● Task goal
Please output exactly the part of the records below that opens with the line containing "line L11 (-20, 17) -> (-20, 9.252)" and closes with the line containing "line L21 (6.052, 16.8) -> (11.512, 16.8)", both lines included, and nothing else.

[The records]

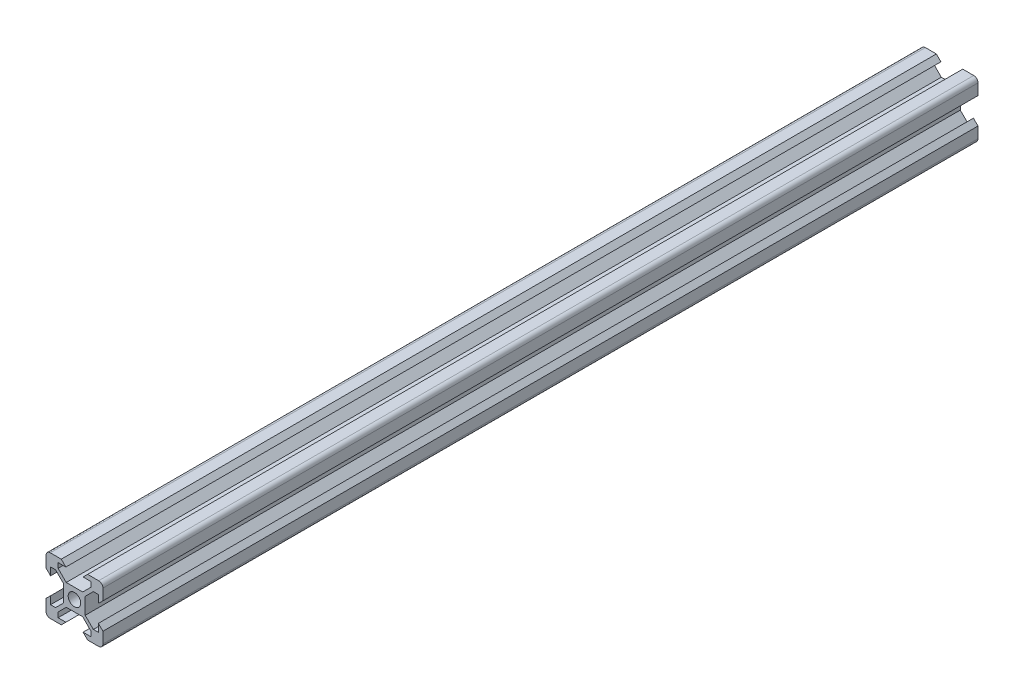
SolidWorks part; units mm, degrees
ref_plane "Front Plane" through (0, 0, 0) normal (0, 0, 1) x (1, 0, 0)
ref_plane "Top Plane" through (0, 0, 0) normal (0, 1, 0) x (1, 0, 0)
ref_plane "Right Plane" through (0, 0, 0) normal (1, 0, 0) x (0, 0, -1)
sketch "Sketch1" plane through (0, 0, 0) normal (0, 0, 1) x (1, 0, 0)
  line L0 (-5.7847, 7.544) -> (-11.512, 13.2713)
  line L1 (-7.544, 7.544) -> (7.544, 7.544)
  line L2 (-7.544, 7.544) -> (-7.544, -7.544)
  line L3 (-7.544, -7.544) -> (7.544, -7.544)
  line L4 (7.544, 7.544) -> (7.544, -7.544)
  line L5 (-7.544, 7.544) -> (7.544, -7.544) construction
  line L6 (-7.544, -7.544) -> (7.544, 7.544) construction
  line L7 (-11.512, 13.2713) -> (-11.512, 16.8)
  line L8 (-11.512, 16.8) -> (-6.052, 16.8)
  line L9 (-6.052, 16.8) -> (-9.252, 20)
  line L10 (-9.252, 20) -> (-17, 20)
  line L11 (-20, 17) -> (-20, 9.252)
  line L12 (-20, 9.252) -> (-16.8, 6.052)
  line L13 (-16.8, 6.052) -> (-16.8, 11.512)
  line L14 (-16.8, 11.512) -> (-13.2713, 11.512)
  line L15 (-13.2713, 11.512) -> (-7.544, 5.7847)
  line L16 (-19.1213, 19.1213) -> (0, 0) construction
  line L17 (13.2713, 11.512) -> (16.8, 11.512)
  line L18 (20, 9.252) -> (20, 17)
  line L19 (17, 20) -> (9.252, 20)
  line L20 (9.252, 20) -> (6.052, 16.8)
  line L21 (6.052, 16.8) -> (11.512, 16.8)
  line L22 (11.512, 16.8) -> (11.512, 13.2713)
  line L23 (11.512, 13.2713) -> (5.7847, 7.544)
  line L24 (7.544, 5.7847) -> (13.2713, 11.512)
  line L25 (16.8, 11.512) -> (16.8, 6.052)
  line L26 (16.8, 6.052) -> (20, 9.252)
  line L27 (19.1213, 19.1213) -> (0, 0) construction
  line L28 (11.512, -13.2713) -> (11.512, -16.8)
  line L29 (9.252, -20) -> (17, -20)
  line L30 (20, -17) -> (20, -9.252)
  line L31 (20, -9.252) -> (16.8, -6.052)
  line L32 (16.8, -6.052) -> (16.8, -11.512)
  line L33 (16.8, -11.512) -> (13.2713, -11.512)
  line L34 (13.2713, -11.512) -> (7.544, -5.7847)
  line L35 (5.7847, -7.544) -> (11.512, -13.2713)
  line L36 (11.512, -16.8) -> (6.052, -16.8)
  line L37 (6.052, -16.8) -> (9.252, -20)
  line L38 (19.1213, -19.1213) -> (0, 0) construction
  line L39 (-13.2713, -11.512) -> (-16.8, -11.512)
  line L40 (-20, -9.252) -> (-20, -17)
  line L41 (-17, -20) -> (-9.252, -20)
  line L42 (-9.252, -20) -> (-6.052, -16.8)
  line L43 (-6.052, -16.8) -> (-11.512, -16.8)
  line L44 (-11.512, -16.8) -> (-11.512, -13.2713)
  line L45 (-11.512, -13.2713) -> (-5.7847, -7.544)
  line L46 (-7.544, -5.7847) -> (-13.2713, -11.512)
  line L47 (-16.8, -11.512) -> (-16.8, -6.052)
  line L48 (-16.8, -6.052) -> (-20, -9.252)
  line L49 (-19.1213, -19.1213) -> (0, 0) construction
  circle A0 centre (0, 0) radius 4.4
  arc A1 (-17, 20) -> (-20, 17) centre (-17, 17) ccw
  arc A2 (20, 17) -> (17, 20) centre (17, 17) ccw
  arc A3 (17, -20) -> (20, -17) centre (17, -17) ccw
  arc A4 (-20, -17) -> (-17, -20) centre (-17, -17) ccw
  point P66 (0, 0)
  dimension "D1" = 8.8
  dimension "D8" = 3
  dimension "D2" = 15.088
  dimension "D3" = 2.488
  dimension "D4" = 8.488
  dimension "D5" = 3.2
  dimension "D6" = 20
  dimension "D7" = 15.2
  dimension "D9" = 4
extrude "Boss-Extrude1" add sketch "Sketch1" along normal mid plane 615 contours L10 A1 L11 L12 L13 L14 L15 L2 L1 L0 L7 L8 L9 | L18 A2 L19 L20 L21 L22 L23 L1 L4 L24 L17 L25 L26 | L40 A4 L41 L42 L43 L44 L45 L3 L2 L46 L39 L47 L48 | L29 A3 L30 L31 L32 L33 L34 L4 L3 L35 L28 L36 L37 | L4 L1 L2 L3 A0 region at (-14.3184, 14.3184, 0) region at (0, 7.3306, 0) region at (14.3184, 14.3184, 0) region at (-14.3184, -14.3184, 0) region at (14.3184, -14.3184, 0)
equation "\"longitud\"= 600mm"

[/The records]

● Exercise result
  line L11 (-20, 17) -> (-20, 9.252)
  line L12 (-20, 9.252) -> (-16.8, 6.052)
  line L13 (-16.8, 6.052) -> (-16.8, 11.512)
  line L14 (-16.8, 11.512) -> (-13.2713, 11.512)
  line L15 (-13.2713, 11.512) -> (-7.544, 5.7847)
  line L16 (-19.1213, 19.1213) -> (0, 0) construction
  line L17 (13.2713, 11.512) -> (16.8, 11.512)
  line L18 (20, 9.252) -> (20, 17)
  line L19 (17, 20) -> (9.252, 20)
  line L20 (9.252, 20) -> (6.052, 16.8)
  line L21 (6.052, 16.8) -> (11.512, 16.8)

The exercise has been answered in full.